It was another dismal day on the Dublin market today as a sell-off in banking stocks saw the Iseq index of Irish share plunge by 2.58 per cent, down 134 points to 5075.
At one stage the market had dipped below the psychologically important 5,000 mark before staging a minor recovery from early morning lows.
A hangover from yesterday’s negative outlook from rating agency S&P and weak economic data, combined with continuing concerns about further writedowns in the international banking sector led to financial stocks in Dublin taking a hammering.
Although they came off their lows in morning trading, banks closed the day firmly in the red. Irish Life & Permanent was again the hardest hit, trading down 15 per cent at one stage during the day before eventually closing the day 5.8 per cent weaker at €6.225. AIB dropped 3 per cent to €9.50, while Bank of Ireland saw 2.23 per cent knocked off its share price to €5.40. Anglo Irish Bank shed 13 cents, a fall of more than 2 per cent, to €5.82.

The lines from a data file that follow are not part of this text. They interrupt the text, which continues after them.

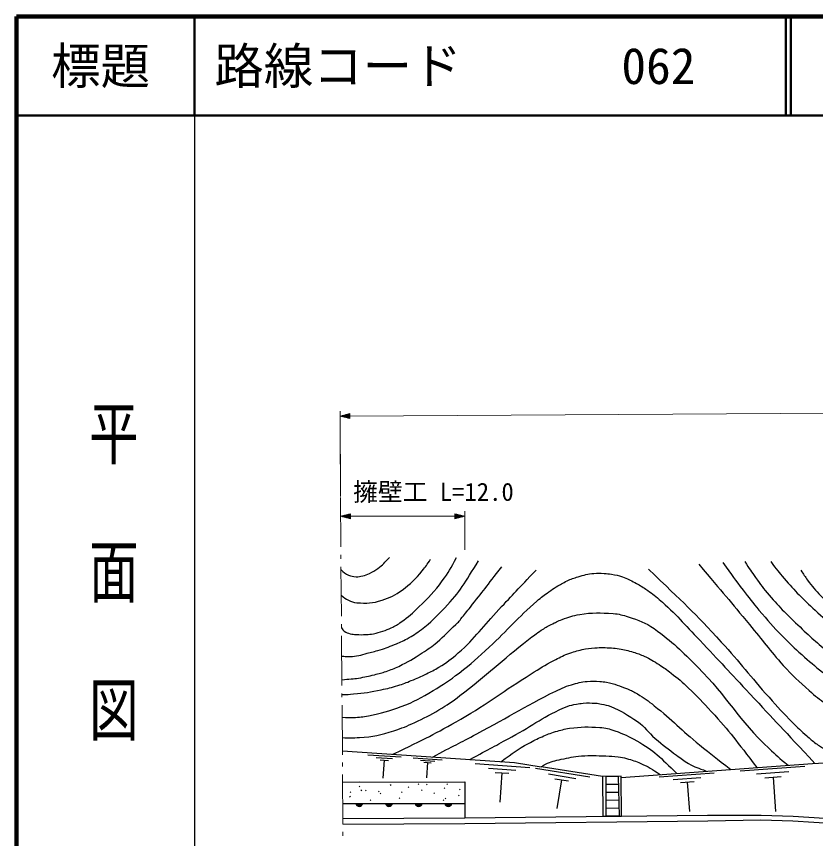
# Model space of a CAD drawing. Units: millimetres, scale not verified. Extents: x 40000 to 680000, y 20000 to 380000.
# Drawn here: x 40000 to 120763, y 296886 to 380000 of the extents above; entities that cross this region are included whole.
import ezdxf
from ezdxf.enums import TextEntityAlignment as Align

# ---------------------------------------------------------------- set-up
doc = ezdxf.new("R2010")
doc.units = ezdxf.units.MM
doc.header["$LTSCALE"] = 1000
for name, color, linetype, lineweight in [('M-BGD', 7, 'Continuous', 25), ('M-BGD-HTXT', 7, 'Continuous', 13), ('M-STR-HTXT', 7, 'Continuous', 13), ('M-TTL', 2, 'Continuous', 140), ('M-TTL-BAND', 7, 'Continuous', 25), ('M-TTL-LINE', 7, 'Continuous', 50)]:
    doc.layers.add(name, color=color, linetype=linetype, lineweight=lineweight)
doc.layers.add('M-TTL-TXT', color=7, linetype='Continuous')
doc.styles.add('@ＭＳ ゴシック', font='')
doc.styles.add('ＭＳ ゴシック', font='')
doc.styles.get('@ＭＳ ゴシック').set_extended_font_data('@MS Gothic')
doc.styles.get('ＭＳ ゴシック').set_extended_font_data('MS Gothic')

msp = doc.modelspace()

# ---------------------------------------------------------------- linework, layer by layer
at = {"layer": 'M-BGD'}
for p, q in [((75513, 305366), (78880, 305138)), ((76340, 305085), (78023, 304970)), ((80106, 305054), (83016, 304856)), ((76745, 304832), (77587, 304774)), ((77166, 304803), (77044, 303007)), ((80821, 304811), (82276, 304712)), ((81171, 304592), (81899, 304543)), ((81535, 304567), (81429, 303015)), ((86355, 304457), (91888, 304081)), ((113131, 303729), (119669, 304207)), ((87713, 303994), (90480, 303806)), ((88380, 303578), (89763, 303484)), ((89071, 303531), (88871, 300581)), ((92474, 304000), (97949, 303118)), ((99223, 303167), (93033, 304137)), ((93784, 303414), (96522, 302973)), ((104954, 303137), (110524, 303546)), ((114798, 303413), (118066, 303651)), ((74683, 302598), (74689, 302604)), ((94410, 302939), (95778, 302718)), ((95094, 302829), (94624, 299909)), ((106374, 302868), (109159, 303072)), ((107097, 302548), (108490, 302650)), ((107794, 302599), (108011, 299628)), ((115647, 303036), (117281, 303156)), ((116464, 303096), (116719, 299609)), ((74648, 302100), (74719, 302170)), ((74843, 301726), (74913, 301796)), ((75267, 301715), (75338, 301786)), ((77786, 302279), (77857, 302350)), ((79586, 302038), (79657, 302109)), ((80590, 302343), (80661, 302413)), ((80927, 301752), (80997, 301823)), ((81428, 302311), (81499, 302381)), ((83217, 301954), (83287, 302025)), ((83481, 302359), (83552, 302429)), ((84772, 301805), (84843, 301875)), ((99597, 302372), (100823, 302388)), ((73675, 301111), (73746, 301181)), ((73727, 301539), (73798, 301609)), ((76594, 301596), (76665, 301667)), ((76747, 301399), (76818, 301470)), ((78666, 300944), (78737, 301015)), ((78918, 301539), (78988, 301609)), ((82182, 301431), (82253, 301502)), ((83317, 300914), (83388, 300985)), ((84669, 301194), (84740, 301265)), ((99597, 301572), (100842, 301589)), ((72976, 300442), (85319, 300424)), ((74019, 300440), (74033, 300454)), ((75762, 300723), (75832, 300793)), ((83136, 300729), (83207, 300800)), ((99597, 300772), (100862, 300789)), ((99597, 299972), (100881, 299989)), ((99597, 299172), (100900, 299189))]:
    msp.add_line(p, q, dxfattribs=at)
for points in [[(72937, 305742), (90323, 304560), (93033, 304137)], [(101115, 303056), (120465, 304476), (128169, 304899), (130286, 304899), (131471, 304645), (155009, 296771), (159073, 294908), (161697, 293892), (168555, 292622), (170841, 292368), (179731, 292030), (192512, 294209), (198566, 295834), (206698, 300575)], [(72960, 302601), (85316, 302623), (85320, 298979)], [(72987, 298911), (85320, 298979), (109858, 299249), (115276, 299249), (118494, 299164), (124844, 298741)], [(72992, 298334), (85325, 298402), (109861, 298672), (115248, 298773), (118475, 298666), (124822, 298271)]]:
    msp.add_lwpolyline(points, dxfattribs=at)
for points in [[(99223, 303167), (99277, 299133), (101167, 299158), (101113, 303192)], [(99596, 303172), (100804, 303188), (100901, 299154), (99597, 299137)]]:
    msp.add_lwpolyline(points, close=True, dxfattribs=at)
for centre, radius, start, end in [((74648, 300494), 354, 188.71477, 351.11994), ((74648, 300494), 283, 190.9388, 348.89591), ((74648, 300494), 212, 194.68513, 345.14958), ((74648, 300494), 142, 202.39686, 337.43785), ((74648, 300494), 100, 212.71452, 327.12019), ((74648, 300494), 100, 212.71452, 327.12019), ((77648, 300489), 354, 188.71477, 351.11994), ((77648, 300489), 283, 190.9388, 348.89591), ((77648, 300489), 212, 194.68513, 345.14958), ((77648, 300489), 142, 202.39686, 337.43785), ((77648, 300489), 100, 212.71452, 327.12019), ((77648, 300489), 100, 212.71452, 327.12019), ((80648, 300485), 354, 188.71477, 351.11994), ((80648, 300485), 283, 190.9388, 348.89591), ((80648, 300485), 212, 194.68513, 345.14958), ((80648, 300485), 142, 202.39686, 337.43785), ((80648, 300485), 100, 212.71452, 327.12019), ((80648, 300485), 100, 212.71452, 327.12019), ((83648, 300481), 354, 188.71477, 351.11994), ((83648, 300481), 283, 190.9388, 348.89591), ((83648, 300481), 212, 194.68513, 345.14958), ((83648, 300481), 142, 202.39686, 337.43785), ((83648, 300481), 100, 212.71452, 327.12019), ((83648, 300481), 100, 212.71452, 327.12019)]:
    msp.add_arc(centre, radius, start, end, dxfattribs=at)
for points, knots in [([(72804, 324063), (73100, 323791), (73224, 323663), (73559, 323526), (73841, 323410), (74017, 323373), (74321, 323356), (74588, 323342), (74739, 323379), (74999, 323441), (75273, 323507), (75420, 323576), (75676, 323695), (76026, 323858), (76206, 323983), (76523, 324203), (77041, 324564), (77200, 324765), (77708, 325304)], [0, 0, 0, 0, 1, 1, 1, 2, 2, 2, 3, 3, 3, 4, 4, 4, 5, 5, 5, 6, 6, 6, 6]), ([(72822, 321489), (73127, 321234), (73245, 321135), (73559, 320986), (73871, 320837), (74062, 320762), (74406, 320732), (75399, 320644), (76005, 320657), (76946, 320986), (77784, 321278), (78269, 321468), (78978, 322002), (79856, 322663), (80325, 323089), (81010, 323949), (81365, 324394), (81500, 324566), (81857, 325134)], [0, 0, 0, 0, 1, 1, 1, 2, 2, 2, 3, 3, 3, 4, 4, 4, 5, 5, 5, 6, 6, 6, 6]), ([(72847, 318177), (72951, 318022), (73005, 317961), (73136, 317853), (73331, 317693), (73484, 317659), (73729, 317599), (73956, 317544), (74088, 317529), (74321, 317514), (74717, 317489), (74941, 317488), (75337, 317514), (75636, 317534), (75806, 317540), (76099, 317599), (76469, 317673), (76674, 317730), (77031, 317853), (77367, 317969), (77556, 318039), (77877, 318192), (78292, 318389), (78514, 318525), (78893, 318784), (79648, 319301), (80012, 319674), (80671, 320308), (81667, 321266), (82237, 321810), (83042, 322933), (83673, 323814), (83886, 324174), (84481, 325304)], [0, 0, 0, 0, 1, 1, 1, 2, 2, 2, 3, 3, 3, 4, 4, 4, 5, 5, 5, 6, 6, 6, 7, 7, 7, 8, 8, 8, 9, 9, 9, 10, 10, 10, 11, 11, 11, 11]), ([(72867, 315327), (73189, 315299), (73285, 315293), (73553, 315292), (73873, 315292), (74053, 315301), (74370, 315345), (74722, 315395), (74908, 315478), (75253, 315567), (75750, 315695), (76032, 315755), (76523, 315906), (77193, 316111), (77569, 316229), (78216, 316498), (78721, 316709), (79005, 316829), (79486, 317091), (80074, 317412), (80389, 317621), (80925, 318022), (81937, 318779), (82423, 319310), (83296, 320224), (84876, 321876), (85285, 322701), (86710, 324978)], [0, 0, 0, 0, 1, 1, 1, 2, 2, 2, 3, 3, 3, 4, 4, 4, 5, 5, 5, 6, 6, 6, 7, 7, 7, 8, 8, 8, 9, 9, 9, 9]), ([(72885, 312939), (73335, 312979), (73451, 312989), (73813, 313027), (74111, 313058), (74280, 313062), (74575, 313112), (75209, 313218), (75562, 313291), (76184, 313450), (76650, 313570), (76913, 313635), (77369, 313789), (77876, 313960), (78159, 314062), (78639, 314297), (79597, 314766), (80122, 315061), (81010, 315652), (81622, 316058), (81982, 316268), (82534, 316752), (83290, 317416), (83667, 317838), (84397, 318530), (84537, 318663), (84628, 318726), (84757, 318870), (84830, 318951), (84858, 319006), (84925, 319092), (85291, 319560), (85505, 319816), (85875, 320281), (87134, 321866), (87519, 322380), (89053, 324372)], [0, 0, 0, 0, 1, 1, 1, 2, 2, 2, 3, 3, 3, 4, 4, 4, 5, 5, 5, 6, 6, 6, 7, 7, 7, 8, 8, 8, 9, 9, 9, 10, 10, 10, 11, 11, 11, 12, 12, 12, 12]), ([(108950, 324626), (111459, 321661), (112099, 320911), (114094, 318510), (115430, 316902), (116105, 315938), (117501, 314382), (118454, 313320), (119060, 312789), (120126, 311842), (120759, 311279), (121134, 310984), (121819, 310487), (122532, 309970), (122937, 309686), (123682, 309217), (124234, 308869), (124546, 308677), (125121, 308370), (125839, 307987), (126244, 307776), (126984, 307439), (127442, 307230), (127696, 307105), (128169, 306931), (129082, 306596), (129607, 306444), (130540, 306169), (131486, 305890), (132024, 305751), (132995, 305576), (135067, 305203), (136246, 305116), (138329, 304814), (138991, 304718), (139354, 304590), (140023, 304560), (141774, 304483), (142762, 304431), (144510, 304560), (145406, 304626), (145908, 304680), (146796, 304814), (148123, 305016), (148860, 305172), (150182, 305407), (151108, 305571), (151626, 305669), (152553, 305830), (153707, 306031), (154343, 306218), (155509, 306330), (157586, 306529), (158768, 306386), (160851, 306254), (161285, 306226), (161524, 306164), (161951, 306084), (162653, 305954), (163044, 305861), (163729, 305661), (164533, 305427), (164977, 305275), (165761, 304984), (166539, 304695), (166962, 304498), (167709, 304137), (169254, 303390), (170099, 302930), (171603, 302105), (174085, 300744), (175354, 299764), (177869, 298464), (178486, 298145), (178833, 297964), (179477, 297702), (180195, 297411), (180602, 297259), (181340, 297025), (182189, 296756), (182675, 296636), (183541, 296432), (184362, 296239), (184824, 296133), (185658, 296009), (186315, 295911), (186687, 295869), (187351, 295840), (188078, 295808), (188487, 295820), (189214, 295840), (189843, 295856), (190195, 295874), (190823, 295924), (191420, 295972), (191754, 296007), (192347, 296094), (192912, 296176), (193227, 296232), (193786, 296348), (194485, 296493), (194877, 296575), (195564, 296771), (196268, 296972), (196659, 297101), (197342, 297364), (197881, 297571), (198176, 297706), (198697, 297956), (199203, 298200), (199482, 298349), (199967, 298634), (200481, 298935), (200759, 299124), (201237, 299480), (202197, 300197), (202729, 300613), (203607, 301428), (204259, 302032), (204609, 302387), (205216, 303036), (205936, 303807), (206320, 304258), (206994, 305068), (207823, 306065), (208078, 306419), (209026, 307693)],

Construction heavyweight CRH was also under pressure throughout the day, with investors nervous ahead of its interim trading statement tomorrow particularly after Credit Suisse cut its price target on the stock and advised investors to avoid European building materials stocks for the next 12 months. The company saw 7.4 per cent knocked off the value of its share price as it shed €1.39 to €17.31.
Among the few positives on the day were Dragon Oil and Elan. Dragon surged more than 5 per cent as it added on 29 cents to €6, while Elan advanced 25 cents to €22.35.
Elsewhere, European stocks fell, extending the Dow Jones Stoxx 600 Index's worst first-half performance since at least 1987, as higher oil prices and reports on housing and manufacturing suggested the global economy will slow.
National benchmark indexes fell in all of the 18 western European markets. The UK’s FTSE 100 sank 2.6 percent, and France’s CAC 40 lost 2.1 percent. Germany’s DAX slid 1.6 percent.